During the Los Angeles writers’ strike in 2023, Democratic Rep. Eric Swalwell wanted to reach out to his donors in Hollywood and ask what he could do to help them. But he didn’t have an easy way to find the screenwriters who backed his many campaigns.

So Swalwell and his congressional chief of staff launched an AI technology company that sifts and analyzes campaign fundraising data.

The company has since been used by dozens of political campaigns, including by Sen. Adam Schiff (D-Calif.) and Rep. Jimmy Gomez (D-Los Angeles). Even Swalwell’s current campaign for California governor hired the artificial intelligence company, called Findraiser.

But some details of Swalwell’s private venture remain unclear, including the company’s investors.

Craig Holman, a governmental ethics expert with the nonprofit consumer advocacy organization Public Citizen, said it’s common and legal for candidates to use their own businesses to promote their campaigns or the campaigns of others, as long as all business interactions are charged at market value.

He said Swalwell can talk about his business privately but cannot do so in relation to his role in Congress, to avoid running afoul of ethics rules barring using one’s position for personal monetary gain.

Holman called it “odd and politically unwise” that Swalwell’s business will not publicly disclose all of its investors.

Swalwell, who has represented Northern California in Congress since 2013, is among the top Democrats in the governor’s race, according to a recent poll, but thus far none of the candidates has a breakaway lead.

Findraiser is close to profitability, his onetime chief of staff, current campaign manager and Findraiser CEO Yardena Wolf said in a podcast interview that aired in October.

The company received more than $67,400 from congressional campaigns in the 2025-26 cycle, according to filings with the federal government.

Members of Congress are not barred from owning outside companies or accepting a small outside salary, with exceptions.

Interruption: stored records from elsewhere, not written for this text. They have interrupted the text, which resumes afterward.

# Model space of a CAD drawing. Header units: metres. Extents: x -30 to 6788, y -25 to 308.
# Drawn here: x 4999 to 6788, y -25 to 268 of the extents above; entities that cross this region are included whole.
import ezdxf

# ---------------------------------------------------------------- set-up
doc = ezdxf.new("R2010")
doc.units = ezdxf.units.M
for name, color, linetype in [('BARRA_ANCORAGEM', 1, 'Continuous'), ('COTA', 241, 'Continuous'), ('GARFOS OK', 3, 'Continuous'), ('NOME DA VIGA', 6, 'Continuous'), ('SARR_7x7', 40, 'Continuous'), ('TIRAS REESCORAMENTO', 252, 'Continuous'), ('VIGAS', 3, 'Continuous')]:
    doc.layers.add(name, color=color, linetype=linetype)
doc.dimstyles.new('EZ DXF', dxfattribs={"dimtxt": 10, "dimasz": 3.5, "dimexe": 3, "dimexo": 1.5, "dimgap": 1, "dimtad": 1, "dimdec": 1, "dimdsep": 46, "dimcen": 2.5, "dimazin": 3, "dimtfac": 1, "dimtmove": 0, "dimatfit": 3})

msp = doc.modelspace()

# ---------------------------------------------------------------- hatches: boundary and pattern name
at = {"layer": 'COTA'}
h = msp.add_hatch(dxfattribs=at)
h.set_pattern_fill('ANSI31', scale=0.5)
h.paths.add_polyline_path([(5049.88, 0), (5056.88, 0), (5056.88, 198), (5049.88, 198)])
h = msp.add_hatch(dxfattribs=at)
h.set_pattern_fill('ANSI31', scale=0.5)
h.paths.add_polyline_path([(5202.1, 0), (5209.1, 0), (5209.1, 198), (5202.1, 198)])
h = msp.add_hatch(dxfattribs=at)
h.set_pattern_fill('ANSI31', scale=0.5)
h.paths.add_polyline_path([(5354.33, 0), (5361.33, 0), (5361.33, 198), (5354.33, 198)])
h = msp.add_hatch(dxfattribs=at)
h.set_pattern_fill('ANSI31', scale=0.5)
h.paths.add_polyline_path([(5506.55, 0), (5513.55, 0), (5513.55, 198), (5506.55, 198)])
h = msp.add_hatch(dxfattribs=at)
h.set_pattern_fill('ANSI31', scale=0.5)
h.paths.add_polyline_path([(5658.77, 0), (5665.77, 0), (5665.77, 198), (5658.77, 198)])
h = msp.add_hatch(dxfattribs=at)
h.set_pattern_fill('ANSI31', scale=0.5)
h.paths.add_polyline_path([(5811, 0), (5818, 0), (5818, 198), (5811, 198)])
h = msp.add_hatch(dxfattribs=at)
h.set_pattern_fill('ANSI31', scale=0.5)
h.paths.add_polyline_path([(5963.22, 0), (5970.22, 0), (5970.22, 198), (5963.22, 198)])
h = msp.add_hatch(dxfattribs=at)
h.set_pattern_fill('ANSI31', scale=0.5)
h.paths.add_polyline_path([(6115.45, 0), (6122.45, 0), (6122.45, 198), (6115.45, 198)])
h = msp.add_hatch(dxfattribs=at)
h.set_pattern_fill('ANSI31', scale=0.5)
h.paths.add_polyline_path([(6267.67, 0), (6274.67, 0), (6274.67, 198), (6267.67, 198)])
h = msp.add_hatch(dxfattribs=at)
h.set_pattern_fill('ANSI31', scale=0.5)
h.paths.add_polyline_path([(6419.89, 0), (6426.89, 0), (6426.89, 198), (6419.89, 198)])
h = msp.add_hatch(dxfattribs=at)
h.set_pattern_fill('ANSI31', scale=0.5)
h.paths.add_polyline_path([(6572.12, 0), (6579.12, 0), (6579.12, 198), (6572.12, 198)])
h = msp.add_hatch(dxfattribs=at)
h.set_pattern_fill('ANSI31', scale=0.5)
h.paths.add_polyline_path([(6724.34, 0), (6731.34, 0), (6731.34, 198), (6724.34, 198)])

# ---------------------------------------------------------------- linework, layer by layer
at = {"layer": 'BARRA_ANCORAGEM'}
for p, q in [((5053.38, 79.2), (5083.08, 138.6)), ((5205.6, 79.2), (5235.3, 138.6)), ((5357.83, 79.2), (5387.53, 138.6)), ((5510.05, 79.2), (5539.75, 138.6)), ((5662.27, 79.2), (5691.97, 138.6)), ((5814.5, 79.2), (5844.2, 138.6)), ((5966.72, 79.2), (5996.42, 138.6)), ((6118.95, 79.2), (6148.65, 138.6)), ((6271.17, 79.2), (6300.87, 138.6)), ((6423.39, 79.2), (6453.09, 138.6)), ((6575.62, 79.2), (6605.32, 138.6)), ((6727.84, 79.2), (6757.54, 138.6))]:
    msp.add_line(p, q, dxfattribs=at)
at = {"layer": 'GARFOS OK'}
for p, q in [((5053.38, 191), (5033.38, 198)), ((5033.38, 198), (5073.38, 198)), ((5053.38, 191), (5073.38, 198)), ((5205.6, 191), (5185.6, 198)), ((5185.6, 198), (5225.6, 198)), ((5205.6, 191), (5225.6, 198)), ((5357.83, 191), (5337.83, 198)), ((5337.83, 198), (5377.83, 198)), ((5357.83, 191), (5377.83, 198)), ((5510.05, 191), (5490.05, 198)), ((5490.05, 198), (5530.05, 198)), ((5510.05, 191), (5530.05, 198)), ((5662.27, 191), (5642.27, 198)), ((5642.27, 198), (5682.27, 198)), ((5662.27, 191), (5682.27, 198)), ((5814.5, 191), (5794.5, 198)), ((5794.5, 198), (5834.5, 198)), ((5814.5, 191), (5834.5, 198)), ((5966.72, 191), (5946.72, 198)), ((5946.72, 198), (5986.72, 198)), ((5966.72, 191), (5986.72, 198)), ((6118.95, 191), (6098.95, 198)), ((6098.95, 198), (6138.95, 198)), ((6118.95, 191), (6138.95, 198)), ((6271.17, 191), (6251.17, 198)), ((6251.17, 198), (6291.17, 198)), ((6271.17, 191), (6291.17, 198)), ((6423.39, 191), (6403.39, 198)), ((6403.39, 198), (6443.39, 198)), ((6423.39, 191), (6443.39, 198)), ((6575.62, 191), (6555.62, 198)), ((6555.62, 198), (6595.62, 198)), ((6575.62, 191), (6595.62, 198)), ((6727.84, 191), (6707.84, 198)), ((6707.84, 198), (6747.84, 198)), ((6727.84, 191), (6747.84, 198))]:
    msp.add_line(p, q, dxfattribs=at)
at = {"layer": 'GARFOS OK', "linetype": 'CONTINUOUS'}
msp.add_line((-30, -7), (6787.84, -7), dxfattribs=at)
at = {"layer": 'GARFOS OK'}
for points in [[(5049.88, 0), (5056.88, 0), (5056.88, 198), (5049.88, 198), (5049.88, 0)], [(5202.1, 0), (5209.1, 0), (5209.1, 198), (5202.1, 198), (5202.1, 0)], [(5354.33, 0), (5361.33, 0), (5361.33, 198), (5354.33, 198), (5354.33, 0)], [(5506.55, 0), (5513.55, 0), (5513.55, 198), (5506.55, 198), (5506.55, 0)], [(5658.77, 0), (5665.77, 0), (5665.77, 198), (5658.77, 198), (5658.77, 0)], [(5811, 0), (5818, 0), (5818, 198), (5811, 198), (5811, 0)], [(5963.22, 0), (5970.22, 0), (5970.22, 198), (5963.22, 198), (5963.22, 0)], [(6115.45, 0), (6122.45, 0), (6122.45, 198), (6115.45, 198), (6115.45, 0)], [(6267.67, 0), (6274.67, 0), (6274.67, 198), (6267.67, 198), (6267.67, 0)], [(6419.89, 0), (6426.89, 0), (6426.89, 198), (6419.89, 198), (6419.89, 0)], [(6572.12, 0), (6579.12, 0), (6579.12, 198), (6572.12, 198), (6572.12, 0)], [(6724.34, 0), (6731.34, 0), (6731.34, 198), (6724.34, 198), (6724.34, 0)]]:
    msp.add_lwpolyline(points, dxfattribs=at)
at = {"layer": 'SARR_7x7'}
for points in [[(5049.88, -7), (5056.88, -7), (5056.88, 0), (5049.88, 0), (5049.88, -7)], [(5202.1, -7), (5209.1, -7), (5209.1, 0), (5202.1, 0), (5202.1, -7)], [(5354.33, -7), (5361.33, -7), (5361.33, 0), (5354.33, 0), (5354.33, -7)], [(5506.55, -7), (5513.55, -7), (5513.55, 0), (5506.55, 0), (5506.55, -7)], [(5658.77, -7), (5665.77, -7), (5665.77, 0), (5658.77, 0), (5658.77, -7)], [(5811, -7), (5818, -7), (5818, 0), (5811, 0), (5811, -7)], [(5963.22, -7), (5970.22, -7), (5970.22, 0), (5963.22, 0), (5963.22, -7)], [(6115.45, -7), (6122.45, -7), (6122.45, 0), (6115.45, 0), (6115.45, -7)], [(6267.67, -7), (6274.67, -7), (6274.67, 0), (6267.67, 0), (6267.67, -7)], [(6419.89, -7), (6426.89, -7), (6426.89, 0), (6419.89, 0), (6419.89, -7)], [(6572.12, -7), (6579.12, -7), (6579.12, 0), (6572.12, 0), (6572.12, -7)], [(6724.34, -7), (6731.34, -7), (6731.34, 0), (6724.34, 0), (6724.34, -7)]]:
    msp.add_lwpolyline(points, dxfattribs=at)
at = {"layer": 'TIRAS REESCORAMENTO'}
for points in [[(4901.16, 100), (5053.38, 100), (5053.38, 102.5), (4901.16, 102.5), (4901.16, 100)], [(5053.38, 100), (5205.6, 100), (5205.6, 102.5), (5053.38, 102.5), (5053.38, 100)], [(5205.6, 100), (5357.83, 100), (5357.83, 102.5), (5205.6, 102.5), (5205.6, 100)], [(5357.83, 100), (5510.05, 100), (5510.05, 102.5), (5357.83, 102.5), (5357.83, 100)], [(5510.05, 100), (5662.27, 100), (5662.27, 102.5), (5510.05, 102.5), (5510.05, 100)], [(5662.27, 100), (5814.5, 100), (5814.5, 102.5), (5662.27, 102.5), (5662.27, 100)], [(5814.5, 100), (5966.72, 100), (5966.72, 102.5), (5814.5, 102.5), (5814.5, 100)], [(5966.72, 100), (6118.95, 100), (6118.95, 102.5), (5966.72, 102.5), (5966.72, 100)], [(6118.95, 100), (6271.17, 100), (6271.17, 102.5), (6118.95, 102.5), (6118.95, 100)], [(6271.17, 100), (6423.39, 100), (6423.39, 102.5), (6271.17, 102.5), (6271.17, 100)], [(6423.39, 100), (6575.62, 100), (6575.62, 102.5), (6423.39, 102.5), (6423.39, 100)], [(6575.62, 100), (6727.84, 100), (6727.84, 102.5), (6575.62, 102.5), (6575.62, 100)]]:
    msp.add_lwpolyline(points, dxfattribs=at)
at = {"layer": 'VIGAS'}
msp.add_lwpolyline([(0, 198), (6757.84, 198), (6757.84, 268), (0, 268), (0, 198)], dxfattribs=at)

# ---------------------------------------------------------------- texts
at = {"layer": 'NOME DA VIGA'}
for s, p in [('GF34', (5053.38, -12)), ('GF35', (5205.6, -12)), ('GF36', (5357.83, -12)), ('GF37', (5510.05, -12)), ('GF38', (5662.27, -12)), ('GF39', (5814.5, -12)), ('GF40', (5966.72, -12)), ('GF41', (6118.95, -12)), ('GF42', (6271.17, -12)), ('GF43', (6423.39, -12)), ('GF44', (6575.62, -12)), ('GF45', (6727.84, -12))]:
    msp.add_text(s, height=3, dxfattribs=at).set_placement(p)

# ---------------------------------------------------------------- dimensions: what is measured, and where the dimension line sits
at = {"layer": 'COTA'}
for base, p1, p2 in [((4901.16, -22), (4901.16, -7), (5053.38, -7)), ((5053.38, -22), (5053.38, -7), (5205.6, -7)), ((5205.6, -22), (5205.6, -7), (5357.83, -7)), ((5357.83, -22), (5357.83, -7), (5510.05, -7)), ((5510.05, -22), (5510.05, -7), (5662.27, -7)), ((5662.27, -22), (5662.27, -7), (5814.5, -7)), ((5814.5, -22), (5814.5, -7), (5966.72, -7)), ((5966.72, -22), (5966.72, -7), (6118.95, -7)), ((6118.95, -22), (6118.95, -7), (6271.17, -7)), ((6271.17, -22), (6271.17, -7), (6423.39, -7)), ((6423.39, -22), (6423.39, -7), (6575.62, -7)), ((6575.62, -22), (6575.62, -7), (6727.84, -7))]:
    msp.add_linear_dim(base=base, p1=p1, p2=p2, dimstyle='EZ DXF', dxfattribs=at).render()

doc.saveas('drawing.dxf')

Swalwell makes no income from the company, according to filings he has made with the state of California, though he could benefit if the company was ever sold.

“Findraiser is a platform like hundreds of other tools in the market that helps Democratic campaigns communicate more efficiently,” a Swalwell spokesperson said. “Congressman Swalwell and the Findraiser team consulted the House Committee on Ethics on the conception and implementation of the tool every step of the way.”

Still, it highlights how mixing public service and private business can raise ethics questions.

Wolf told The Times that none of Findraiser’s investors have business before Congress, but she declined to reveal the names of the backers.

The fair market value of Findraiser is between $100,001 and $1 million, according to campaign finance documents filed with the state this month.

Swalwell stated on the documents that he is a part owner. Besides the Congress member and Wolf, the other member of the company listed with the state is Paul Mandell, who runs an event business.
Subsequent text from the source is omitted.